[DIRECTIONS] Each record must appear in your answer exactly as it does below.

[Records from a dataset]
((

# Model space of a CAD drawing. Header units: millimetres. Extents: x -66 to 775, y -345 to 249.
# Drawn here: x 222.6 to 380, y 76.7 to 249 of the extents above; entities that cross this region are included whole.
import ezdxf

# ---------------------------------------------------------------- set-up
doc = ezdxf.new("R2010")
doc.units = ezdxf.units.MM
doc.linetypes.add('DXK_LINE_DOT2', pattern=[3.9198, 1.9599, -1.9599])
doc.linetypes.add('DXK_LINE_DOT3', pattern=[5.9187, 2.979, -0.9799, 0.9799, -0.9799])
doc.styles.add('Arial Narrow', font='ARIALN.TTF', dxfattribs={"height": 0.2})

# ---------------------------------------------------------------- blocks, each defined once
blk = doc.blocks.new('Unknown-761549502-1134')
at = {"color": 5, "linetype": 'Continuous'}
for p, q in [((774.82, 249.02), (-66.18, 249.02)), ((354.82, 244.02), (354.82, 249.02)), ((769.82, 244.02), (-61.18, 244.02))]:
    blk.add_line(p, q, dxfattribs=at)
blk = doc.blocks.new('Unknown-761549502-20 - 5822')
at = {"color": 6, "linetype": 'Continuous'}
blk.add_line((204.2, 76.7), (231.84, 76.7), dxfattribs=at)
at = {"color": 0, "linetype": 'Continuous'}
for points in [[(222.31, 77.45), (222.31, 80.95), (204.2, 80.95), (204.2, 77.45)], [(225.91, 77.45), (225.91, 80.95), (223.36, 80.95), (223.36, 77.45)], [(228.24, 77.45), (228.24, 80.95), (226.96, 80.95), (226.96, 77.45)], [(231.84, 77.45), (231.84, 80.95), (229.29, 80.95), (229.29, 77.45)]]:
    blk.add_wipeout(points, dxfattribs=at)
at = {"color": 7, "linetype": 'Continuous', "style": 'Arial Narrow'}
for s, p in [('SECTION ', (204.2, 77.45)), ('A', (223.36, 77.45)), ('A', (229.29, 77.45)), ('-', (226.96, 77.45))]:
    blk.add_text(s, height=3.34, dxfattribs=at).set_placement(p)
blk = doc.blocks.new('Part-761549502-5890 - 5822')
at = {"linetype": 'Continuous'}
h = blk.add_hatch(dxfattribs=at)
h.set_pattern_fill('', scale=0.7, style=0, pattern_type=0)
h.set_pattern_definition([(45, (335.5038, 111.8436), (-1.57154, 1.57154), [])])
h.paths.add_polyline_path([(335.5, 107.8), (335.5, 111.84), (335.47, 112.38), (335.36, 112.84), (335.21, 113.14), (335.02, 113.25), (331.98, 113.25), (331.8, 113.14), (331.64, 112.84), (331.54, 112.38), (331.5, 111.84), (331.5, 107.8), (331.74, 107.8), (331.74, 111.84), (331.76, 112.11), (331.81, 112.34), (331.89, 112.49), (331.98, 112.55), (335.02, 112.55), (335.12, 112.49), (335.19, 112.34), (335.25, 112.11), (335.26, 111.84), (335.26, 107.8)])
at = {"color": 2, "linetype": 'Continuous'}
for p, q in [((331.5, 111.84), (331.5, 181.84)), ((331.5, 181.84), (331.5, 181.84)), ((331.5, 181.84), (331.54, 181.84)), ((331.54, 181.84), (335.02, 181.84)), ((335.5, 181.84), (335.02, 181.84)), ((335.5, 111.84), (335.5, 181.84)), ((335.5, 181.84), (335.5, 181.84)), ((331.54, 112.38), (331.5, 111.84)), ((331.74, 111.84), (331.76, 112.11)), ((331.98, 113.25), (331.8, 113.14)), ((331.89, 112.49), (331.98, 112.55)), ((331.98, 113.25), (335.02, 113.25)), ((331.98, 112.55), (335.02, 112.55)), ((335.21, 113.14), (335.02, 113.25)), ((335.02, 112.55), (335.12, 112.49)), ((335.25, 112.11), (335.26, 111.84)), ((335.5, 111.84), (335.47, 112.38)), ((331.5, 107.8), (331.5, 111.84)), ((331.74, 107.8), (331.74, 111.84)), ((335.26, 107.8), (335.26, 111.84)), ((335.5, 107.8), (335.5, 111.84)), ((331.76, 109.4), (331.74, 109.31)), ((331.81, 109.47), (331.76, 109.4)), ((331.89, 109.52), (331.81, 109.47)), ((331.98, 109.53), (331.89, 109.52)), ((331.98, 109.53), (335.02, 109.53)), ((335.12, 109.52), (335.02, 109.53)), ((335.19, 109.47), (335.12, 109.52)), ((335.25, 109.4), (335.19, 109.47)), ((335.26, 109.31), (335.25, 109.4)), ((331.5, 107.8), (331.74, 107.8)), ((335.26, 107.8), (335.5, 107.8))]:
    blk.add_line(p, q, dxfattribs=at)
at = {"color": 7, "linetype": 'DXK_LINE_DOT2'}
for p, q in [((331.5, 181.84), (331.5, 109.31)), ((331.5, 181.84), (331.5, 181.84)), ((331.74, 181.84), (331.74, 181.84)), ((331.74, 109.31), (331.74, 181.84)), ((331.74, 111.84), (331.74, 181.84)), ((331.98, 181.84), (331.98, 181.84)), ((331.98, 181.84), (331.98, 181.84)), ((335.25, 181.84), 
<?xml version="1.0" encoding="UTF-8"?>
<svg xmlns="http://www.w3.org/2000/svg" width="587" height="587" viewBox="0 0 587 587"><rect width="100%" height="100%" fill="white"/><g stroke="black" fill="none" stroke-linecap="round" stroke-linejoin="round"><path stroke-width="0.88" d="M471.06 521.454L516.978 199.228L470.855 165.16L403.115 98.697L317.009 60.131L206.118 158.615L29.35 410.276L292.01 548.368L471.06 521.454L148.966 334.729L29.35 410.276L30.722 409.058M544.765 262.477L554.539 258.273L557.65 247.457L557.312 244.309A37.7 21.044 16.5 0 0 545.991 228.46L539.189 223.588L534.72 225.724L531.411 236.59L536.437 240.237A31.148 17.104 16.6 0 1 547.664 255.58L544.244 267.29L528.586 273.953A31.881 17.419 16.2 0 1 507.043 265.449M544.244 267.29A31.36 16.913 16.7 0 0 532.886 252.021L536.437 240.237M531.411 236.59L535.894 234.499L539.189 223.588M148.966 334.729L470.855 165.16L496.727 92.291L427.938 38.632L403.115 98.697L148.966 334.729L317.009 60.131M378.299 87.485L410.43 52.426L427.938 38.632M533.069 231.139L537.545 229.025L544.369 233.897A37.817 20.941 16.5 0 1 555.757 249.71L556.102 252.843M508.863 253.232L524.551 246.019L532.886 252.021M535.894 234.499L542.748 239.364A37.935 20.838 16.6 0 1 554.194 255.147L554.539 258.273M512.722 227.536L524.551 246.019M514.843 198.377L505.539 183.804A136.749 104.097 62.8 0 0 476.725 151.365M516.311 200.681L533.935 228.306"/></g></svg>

))

[SOLUTION]
# Model space of a CAD drawing. Header units: millimetres. Extents: x -66 to 775, y -345 to 249.
# Drawn here: x 222.6 to 380, y 76.7 to 249 of the extents above; entities that cross this region are included whole.
import ezdxf

# ---------------------------------------------------------------- set-up
doc = ezdxf.new("R2010")
doc.units = ezdxf.units.MM
doc.linetypes.add('DXK_LINE_DOT2', pattern=[3.9198, 1.9599, -1.9599])
doc.linetypes.add('DXK_LINE_DOT3', pattern=[5.9187, 2.979, -0.9799, 0.9799, -0.9799])
doc.styles.add('Arial Narrow', font='ARIALN.TTF', dxfattribs={"height": 0.2})

# ---------------------------------------------------------------- blocks, each defined once
blk = doc.blocks.new('Unknown-761549502-1134')
at = {"color": 5, "linetype": 'Continuous'}
for p, q in [((774.82, 249.02), (-66.18, 249.02)), ((354.82, 244.02), (354.82, 249.02)), ((769.82, 244.02), (-61.18, 244.02))]:
    blk.add_line(p, q, dxfattribs=at)
blk = doc.blocks.new('Unknown-761549502-20 - 5822')
at = {"color": 6, "linetype": 'Continuous'}
blk.add_line((204.2, 76.7), (231.84, 76.7), dxfattribs=at)
at = {"color": 0, "linetype": 'Continuous'}
for points in [[(222.31, 77.45), (222.31, 80.95), (204.2, 80.95), (204.2, 77.45)], [(225.91, 77.45), (225.91, 80.95), (223.36, 80.95), (223.36, 77.45)], [(228.24, 77.45), (228.24, 80.95), (226.96, 80.95), (226.96, 77.45)], [(231.84, 77.45), (231.84, 80.95), (229.29, 80.95), (229.29, 77.45)]]:
    blk.add_wipeout(points, dxfattribs=at)
at = {"color": 7, "linetype": 'Continuous', "style": 'Arial Narrow'}
for s, p in [('SECTION ', (204.2, 77.45)), ('A', (223.36, 77.45)), ('A', (229.29, 77.45)), ('-', (226.96, 77.45))]:
    blk.add_text(s, height=3.34, dxfattribs=at).set_placement(p)
blk = doc.blocks.new('Part-761549502-5890 - 5822')
at = {"linetype": 'Continuous'}
h = blk.add_hatch(dxfattribs=at)
h.set_pattern_fill('', scale=0.7, style=0, pattern_type=0)
h.set_pattern_definition([(45, (335.5038, 111.8436), (-1.57154, 1.57154), [])])
h.paths.add_polyline_path([(335.5, 107.8), (335.5, 111.84), (335.47, 112.38), (335.36, 112.84), (335.21, 113.14), (335.02, 113.25), (331.98, 113.25), (331.8, 113.14), (331.64, 112.84), (331.54, 112.38), (331.5, 111.84), (331.5, 107.8), (331.74, 107.8), (331.74, 111.84), (331.76, 112.11), (331.81, 112.34), (331.89, 112.49), (331.98, 112.55), (335.02, 112.55), (335.12, 112.49), (335.19, 112.34), (335.25, 112.11), (335.26, 111.84), (335.26, 107.8)])
at = {"color": 2, "linetype": 'Continuous'}
for p, q in [((331.5, 111.84), (331.5, 181.84)), ((331.5, 181.84), (331.5, 181.84)), ((331.5, 181.84), (331.54, 181.84)), ((331.54, 181.84), (335.02, 181.84)), ((335.5, 181.84), (335.02, 181.84)), ((335.5, 111.84), (335.5, 181.84)), ((335.5, 181.84), (335.5, 181.84)), ((331.54, 112.38), (331.5, 111.84)), ((331.74, 111.84), (331.76, 112.11)), ((331.98, 113.25), (331.8, 113.14)), ((331.89, 112.49), (331.98, 112.55)), ((331.98, 113.25), (335.02, 113.25)), ((331.98, 112.55), (335.02, 112.55)), ((335.21, 113.14), (335.02, 113.25)), ((335.02, 112.55), (335.12, 112.49)), ((335.25, 112.11), (335.26, 111.84)), ((335.5, 111.84), (335.47, 112.38)), ((331.5, 107.8), (331.5, 111.84)), ((331.74, 107.8), (331.74, 111.84)), ((335.26, 107.8), (335.26, 111.84)), ((335.5, 107.8), (335.5, 111.84)), ((331.76, 109.4), (331.74, 109.31)), ((331.81, 109.47), (331.76, 109.4)), ((331.89, 109.52), (331.81, 109.47)), ((331.98, 109.53), (331.89, 109.52)), ((331.98, 109.53), (335.02, 109.53)), ((335.12, 109.52), (335.02, 109.53)), ((335.19, 109.47), (335.12, 109.52)), ((335.25, 109.4), (335.19, 109.47)), ((335.26, 109.31), (335.25, 109.4)), ((331.5, 107.8), (331.74, 107.8)), ((335.26, 107.8), (335.5, 107.8))]:
    blk.add_line(p, q, dxfattribs=at)
at = {"color": 7, "linetype": 'DXK_LINE_DOT2'}
for p, q in [((331.5, 181.84), (331.5, 109.31)), ((331.5, 181.84), (331.5, 181.84)), ((331.74, 181.84), (331.74, 181.84)), ((331.74, 109.31), (331.74, 181.84)), ((331.74, 111.84), (331.74, 181.84)), ((331.98, 181.84), (331.98, 181.84)), ((331.98, 181.84), (331.98, 181.84)), ((335.25, 181.84), 
<?xml version="1.0" encoding="UTF-8"?>
<svg xmlns="http://www.w3.org/2000/svg" width="587" height="587" viewBox="0 0 587 587"><rect width="100%" height="100%" fill="white"/><g stroke="black" fill="none" stroke-linecap="round" stroke-linejoin="round"><path stroke-width="0.88" d="M471.06 521.454L516.978 199.228L470.855 165.16L403.115 98.697L317.009 60.131L206.118 158.615L29.35 410.276L292.01 548.368L471.06 521.454L148.966 334.729L29.35 410.276L30.722 409.058M544.765 262.477L554.539 258.273L557.65 247.457L557.312 244.309A37.7 21.044 16.5 0 0 545.991 228.46L539.189 223.588L534.72 225.724L531.411 236.59L536.437 240.237A31.148 17.104 16.6 0 1 547.664 255.58L544.244 267.29L528.586 273.953A31.881 17.419 16.2 0 1 507.043 265.449M544.244 267.29A31.36 16.913 16.7 0 0 532.886 252.021L536.437 240.237M531.411 236.59L535.894 234.499L539.189 223.588M148.966 334.729L470.855 165.16L496.727 92.291L427.938 38.632L403.115 98.697L148.966 334.729L317.009 60.131M378.299 87.485L410.43 52.426L427.938 38.632M533.069 231.139L537.545 229.025L544.369 233.897A37.817 20.941 16.5 0 1 555.757 249.71L556.102 252.843M508.863 253.232L524.551 246.019L532.886 252.021M535.894 234.499L542.748 239.364A37.935 20.838 16.6 0 1 554.194 255.147L554.539 258.273M512.722 227.536L524.551 246.019M514.843 198.377L505.539 183.804A136.749 104.097 62.8 0 0 476.725 151.365M516.311 200.681L533.935 228.306"/></g></svg>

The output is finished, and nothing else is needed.